Celios Nailul Huda seorang Direktur Ekonomi Digital mengatakan bahwa biaya mahal bisa jadi hambatan terbesar untuk mempercepat beralihnya ke teknologi eSIM.
Celios menyatakan pemakaian SIM terintegrasi (eSIM Di Indonesia, hal ini harus disertai dengan kebijakan tarif yang lebih murah dan kelonggaran, baik untuk masyarakat, operator, maupun, konsumen.
Pada saat ini, berbagai penyedia jaringan seluler di Indonesia membebankan tarif untuk migrasi ke eSIM yang berkisar antara Rp10.000 sampai dengan menyertakan layanan pindah tersebut sebagai bagian dari paket produk mereka masing-masing.

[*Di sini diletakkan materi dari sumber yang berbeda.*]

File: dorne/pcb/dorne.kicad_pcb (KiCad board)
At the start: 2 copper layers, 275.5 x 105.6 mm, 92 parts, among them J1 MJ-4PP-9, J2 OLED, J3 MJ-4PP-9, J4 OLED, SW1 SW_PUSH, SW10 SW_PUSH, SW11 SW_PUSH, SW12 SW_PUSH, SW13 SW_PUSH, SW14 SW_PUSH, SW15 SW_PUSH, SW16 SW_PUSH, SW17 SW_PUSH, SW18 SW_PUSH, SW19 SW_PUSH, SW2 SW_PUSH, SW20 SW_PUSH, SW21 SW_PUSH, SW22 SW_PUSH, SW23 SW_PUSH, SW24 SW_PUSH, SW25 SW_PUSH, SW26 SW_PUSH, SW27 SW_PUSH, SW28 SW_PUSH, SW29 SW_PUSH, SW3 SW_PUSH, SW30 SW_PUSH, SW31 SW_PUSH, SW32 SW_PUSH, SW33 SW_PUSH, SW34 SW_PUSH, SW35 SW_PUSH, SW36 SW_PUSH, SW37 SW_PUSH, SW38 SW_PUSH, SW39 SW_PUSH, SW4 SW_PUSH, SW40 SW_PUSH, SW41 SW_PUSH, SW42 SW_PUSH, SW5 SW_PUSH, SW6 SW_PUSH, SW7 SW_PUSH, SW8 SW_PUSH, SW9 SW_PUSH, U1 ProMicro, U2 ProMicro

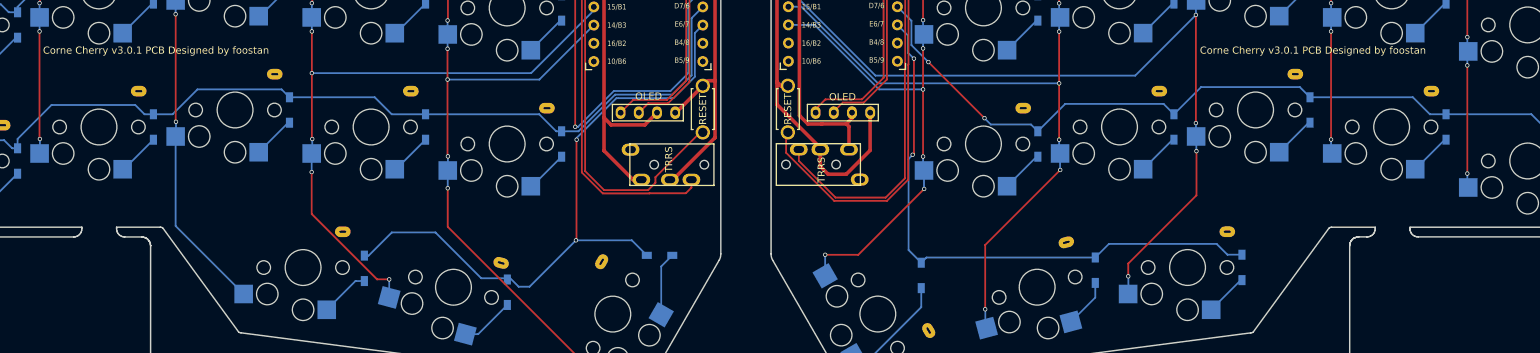
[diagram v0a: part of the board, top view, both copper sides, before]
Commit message: Fix Diode issue
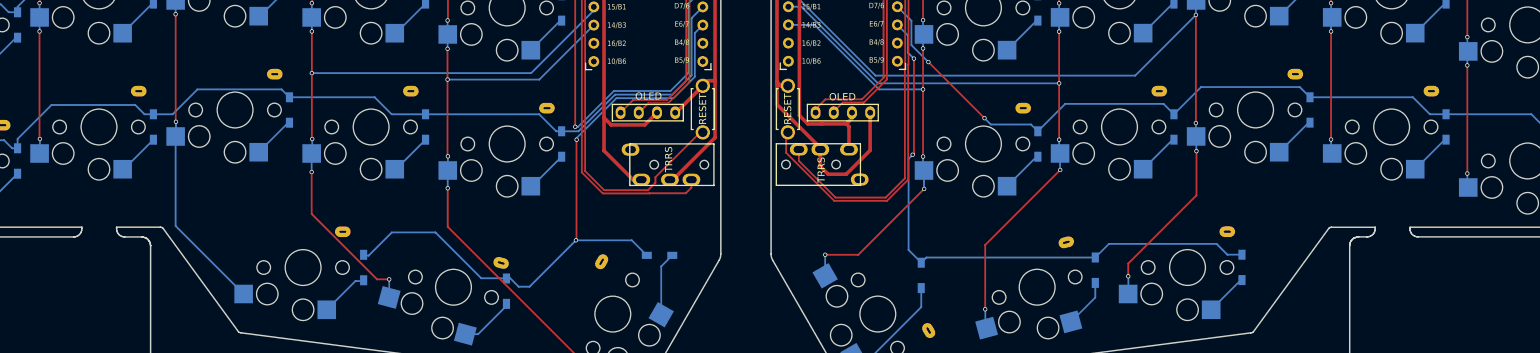
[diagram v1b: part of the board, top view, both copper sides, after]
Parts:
- U3: renamed from U1; value ProMicro -> NiceNano
- moved D19 20.4 mm to (95.1, 88.7)
- moved D20 20.1 mm to (115.0, 92.0)
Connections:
- D19 pad 2: Net-(D20-Pad2) -> Net-(D19-Pad2)
- D20 pad 2: Net-(D19-Pad2) -> Net-(D20-Pad2)
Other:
- board text removed: "Corne Cherry v3.0.1 PCB Designed by foostan"
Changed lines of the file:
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@@
     (property "Sheetname" "")
     (attr through_hole)
-    (fp_text reference "U1" (at -0.1 -0.05 270) (layer "F.SilkS") hide
+    (fp_text reference "U3" (at -0.1 -0.05 270) (layer "F.SilkS") hide
       (effects (font (size 1 1) (thickness 0.15)))
     )
-    (fp_text value "ProMicro" (at -0.45 -17) (layer "F.Fab") hide
+    (fp_text value "NiceNano" (at -0.45 -17) (layer "F.Fab") hide
       (effects (font (size 1 1) (thickness 0.15)))
     )
@@
   )
   (footprint "kbd:D3_SMD_v2" (layer "B.Cu")
-    (at 115.1325 92.105 -90)
+    (at 95.0575 88.655 -90)
     (descr "Resitance 3 pas")
     (tags "R")
@@
       (net 7 "row3") (pinfunction "K") (pintype "passive"))
     (pad "2" smd rect locked (at 1.775 0 270) (size 1.4 1) (layers "B.Cu" "B.Paste" "B.Mask")
+      (net 23 "Net-(D19-Pad2)") (pinfunction "A") (pintype "passive"))
+    (model "${KIGITHUB3D}/Diode_SMD.3dshapes/D_SOD-123.step"
+      (offset (xyz 0 0 0))
+      (scale (xyz 1 1 1))
+      (rotate (xyz 0 0 0))
+    )
+  )
+  (footprint "kbd:D3_SMD_v2" (layer "B.Cu")
+    (at 115.0075 91.955 -90)
+    (descr "Resitance 3 pas")
+    (tags "R")
+    (property "Sheetfile" "dorne.kicad_sch")
+    (property "Sheetname" "")
+    (autoplace_cost180 10)
+    (attr through_hole)
+    (fp_text reference "D20" (at 0.5 0 90) (layer "B.Fab") hide
+      (effects (font (size 0.5 0.5) (thickness 0.125)) (justify mirror))
+    )
+    (fp_text value "D" (at -0.6 0 90) (layer "B.Fab") hide
+      (effects (font (size 0.5 0.5) (thickness 0.125)) (justify mirror))
+    )
+    (fp_line (start -0.4 0) (end 0.5 0.5) (layer "B.SilkS") (width 0.15))
+    (fp_line (start -2.7 -0.75) (end 2.7 -0.75) (layer "B.SilkS") (width 0.15))
+    (fp_line (start 2.7 0.75) (end 2.7 -0.75) (layer "B.SilkS") (width 0.15))
+    (fp_line (start -0.5 0.5) (end -0.5 -0.5) (layer "B.SilkS") (width 0.15))
+    (fp_line (start -2.7 0.75) (end -2.7 -0.75) (layer "B.SilkS") (width 0.15))
+    (fp_line (start 2.7 0.75) (end -2.7 0.75) (layer "B.SilkS") (width 0.15))
+    (fp_line (start 0.5 -0.5) (end -0.4 0) (layer "B.SilkS") (width 0.15))
+    (fp_line (start 0.5 0.5) (end 0.5 -0.5) (layer "B.SilkS") (width 0.15))
+    (pad "1" smd rect locked (at -1.775 0 270) (size 1.4 1) (layers "B.Cu" "B.Paste" "B.Mask")
+      (net 7 "row3") (pinfunction "K") (pintype "passive"))
+    (pad "2" smd rect locked (at 1.775 0 270) (size 1.4 1) (layers "B.Cu" "B.Paste" "B.Mask")
       (net 24 "Net-(D20-Pad2)") (pinfunction "A") (pintype "passive"))
-    (model "${KIGITHUB3D}/Diode_SMD.3dshapes/D_SOD-123.step"
-      (offset (xyz 0 0 0))
-      (scale (xyz 1 1 1))
-      (rotate (xyz 0 0 0))
-    )
-  )
-  (footprint "kbd:D3_SMD_v2" (layer "B.Cu")
-    (at 95.1645 88.765 -90)
-    (descr "Resitance 3 pas")
-    (tags "R")
-    (property "Sheetfile" "dorne.kicad_sch")
-    (property "Sheetname" "")
-    (autoplace_cost180 10)
-    (attr through_hole)
-    (fp_text reference "D20" (at 0.5 0 90) (layer "B.Fab") hide
-      (effects (font (size 0.5 0.5) (thickness 0.125)) (justify mirror))
-    )
-    (fp_text value "D" (at -0.6 0 90) (layer "B.Fab") hide
-      (effects (font (size 0.5 0.5) (thickness 0.125)) (justify mirror))
-    )
-    (fp_line (start -0.4 0) (end 0.5 0.5) (layer "B.SilkS") (width 0.15))
-    (fp_line (start -2.7 -0.75) (end 2.7 -0.75) (layer "B.SilkS") (width 0.15))
-    (fp_line (start 2.7 0.75) (end 2.7 -0.75) (layer "B.SilkS") (width 0.15))
-    (fp_line (start -0.5 0.5) (end -0.5 -0.5) (layer "B.SilkS") (width 0.15))
-    (fp_line (start -2.7 0.75) (end -2.7 -0.75) (layer "B.SilkS") (width 0.15))
-    (fp_line (start 2.7 0.75) (end -2.7 0.75) (layer "B.SilkS") (width 0.15))
-    (fp_line (start 0.5 -0.5) (end -0.4 0) (layer "B.SilkS") (width 0.15))
-    (fp_line (start 0.5 0.5) (end 0.5 -0.5) (layer "B.SilkS") (width 0.15))
-    (pad "1" smd rect locked (at -1.775 0 270) (size 1.4 1) (layers "B.Cu" "B.Paste" "B.Mask")
-      (net 7 "row3") (pinfunction "K") (pintype "passive"))
-    (pad "2" smd rect locked (at 1.775 0 270) (size 1.4 1) (layers "B.Cu" "B.Paste" "B.Mask")
-      (net 23 "Net-(D19-Pad2)") (pinfunction "A") (pintype "passive"))
     (model "${KIGITHUB3D}/Diode_SMD.3dshapes/D_SOD-123.step"
       (offset (xyz 0 0 0))
@@
   (gr_line (start 247.204616 22.028252) (end 241.0775 22.028252) (layer "Edge.Cuts") (width 0.2))
   (gr_line (start 285.204501 83.028073) (end 279.0775 83.028073) (layer "Edge.Cuts") (width 0.2))
-  (gr_text "Corne Cherry v3.0.1 PCB Designed by foostan" (at 50.2825 58.33) (layer "F.SilkS")
-    (effects (font (size 1 1) (thickness 0.125)) (justify left))
-  )
-  (gr_text "Corne Cherry v3.0.1 PCB Designed by foostan" (at 211.8325 58.33) (layer "F.SilkS")
-    (effects (font (size 1 1) (thickness 0.125)) (justify left))
-  )
   (dimension (type aligned) (layer "Dwgs.User")
     (pts (xy 10.5845 117.784) (xy 10.5845 11.984))

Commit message: Left half is routed better now
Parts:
- U3: value NiceNano -> nice_nano; footprint kbd:ProMicro_v3 -> nicenano:nice_nano; moved to B.Cu
- moved D21 3.22 mm to (133.7, 88.8), turned to -30 degrees
- moved D20 1.31 mm to (114.8, 93.2), turned to -105 degrees
- moved D19 0.94 mm to (94.1, 88.6)
- moved U3 0.51 mm to (134.8, 45.9), turned to -90 degrees
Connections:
- U3 pad 1: LED -> unconnected-(U3-Pad1)
- U3 pad 24: unconnected-(U1-Pad24) -> BAT
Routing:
- net row0: track 138.7 -> 289.9 mm
- net (no net): track 0.00 -> 38.0 mm, vias 0 -> 4
- net SDA: track 32.4 -> 0.00 mm
- net row2: track 135.2 -> 167.6 mm
- net col0: track 159.4 -> 187.8 mm, vias 0 -> 4
- net SCL: track 27.7 -> 0.00 mm
- net col1: track 138.2 -> 165.8 mm, vias 5 -> 6
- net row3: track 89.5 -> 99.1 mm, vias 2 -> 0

Menurut Huda, hal tersebut dianggap belum cukup menarik untuk publik yang sedang memperhitungkan aspek finansial saat membuat keputusan untuk bermigrasi ke eSIM.
“Tarif yang terjangkau ini cukup berdampak pada kebijakan migrasi e-SIM tersebut karena orang tentunya enggan pindah jika ada beban biaya besar,” jelas Huda saat diwawancara oleh Bisnis, Selasa (23/4/2025).
Huda mengatakan bahwa sebaiknya program migrasi eSIM bisa dijalankan secara cuma-cuma atau tidak dipungut biaya bagi para pelanggan.
Ini sangat penting supaya publik lebih termotivasi untuk berpindah ke teknologi yang dianggap lebih mudah digunakan dan efektif tersebut.
Pemerintah diharapkan bukan hanya mendukung melalui aspek peraturan dan pemasaran, namun juga secara aktif menyediakan dorongan finansial kepada para pemain industri untuk membantu menurunkan biaya sehingga beban pada konsumen bisa dikurangi.
“Saya pikir diskon yang diberikan oleh pemerintah untuk jasa Kemendagri seharusnya diaplikasikan langsung pada harga konsumen agar menjadi lebih terjangkau. Sebagai contoh, bisa dimulai dengan penghapusan biaya migrasi eSIM,” katanya.
Untuk registrasi eSIM, prosesnya akan memakai data biometrik contohnya adalah pemindaian wajah atau sidik jari. Apabila ada transaksi pendaftaran yang dilakukan oleh pelanggan, maka operator telekomunikasi tersebut akan menarik biaya sebesar Rp1.500 khusus untuk teknologi pemindainan wajah.
Pendaftaran pelanggan yang menggunakan pemeriksaan data biometri seperti identifikasi wajah atau sidik jari dapat menghasilkan satu NIK untuk tiga jenis akun berdasarkan basis data dari Direktorat Jenderal Kependudukan dan Pencatatan Sipil (Dukkapil).
Pada dokumen perusahaan, pada mulanya agar dapat mengecek Nomor Induk Kependudukan (NIK) guna memvalidasi kartu SIM, operator telepon selular wajib membayar biaya sekitar Rp1.000 setiap melakukan pengambilan atau “hit”. Di sisi lain, tarif untuk pemeriksaan sidik jari biometrik adalah Rp2.000 tiap “hit”, sedangkan harga untuk verifikasi dengan teknologi pemindai wajah biometrik mencapai Rp3.000 per “hit”.
Akan tetapi, biayanya menerima diskon sebanyak 50% dari Kemendagri.
Peraturan Menteri Dalam Negeri No. 4 tahun 2025 menguraikan tentang besarnya tarif, syarat-syaratnya, serta cara pengenaannya sebesar Rp0,00 (nol rupiah) atau 0% (nol persen) untuk jenis penerimaan negara bukan pajak yang berlaku di Kementerian Dalam Negeri.
Menurut Pasal 3 dari Peraturan Menteri itu, dinyatakan bahwa jenis Penerimaan Negara Bukan Pajak (PNBP) yang berlaku di Kementerian mencakup layanan untuk mengakses dan memanfaatkan data serta dokumen kependudukan.
Dalam Pasal 3 butir a, disebutkan bahwa instansi pemerintah, lembaga yang mengelola jaminan sosial, koperasi, serta usaha mikro dan kecil terkena tarif sebesar Rp0,00 (nol rupiah).
“Operator telekomunikasi diwajibkan membayar biaya sebesar 50% (lima puluh persen) dari tarif yang ditetapkan menurut peraturan perundang-undangan,” demikian tertulis dalam Pasal 3 butir b dari regulasi tersebut.
Berkat adanya Permendagri tersebut, operator seluler cukup membayarkan sebesar Rp1.000 untuk mendapatkan akses ke data biometrik sidik jari dan Rp1.500 untuk memperoleh akses ke teknologi pengenalan wajah melalui sistem Dukcapil.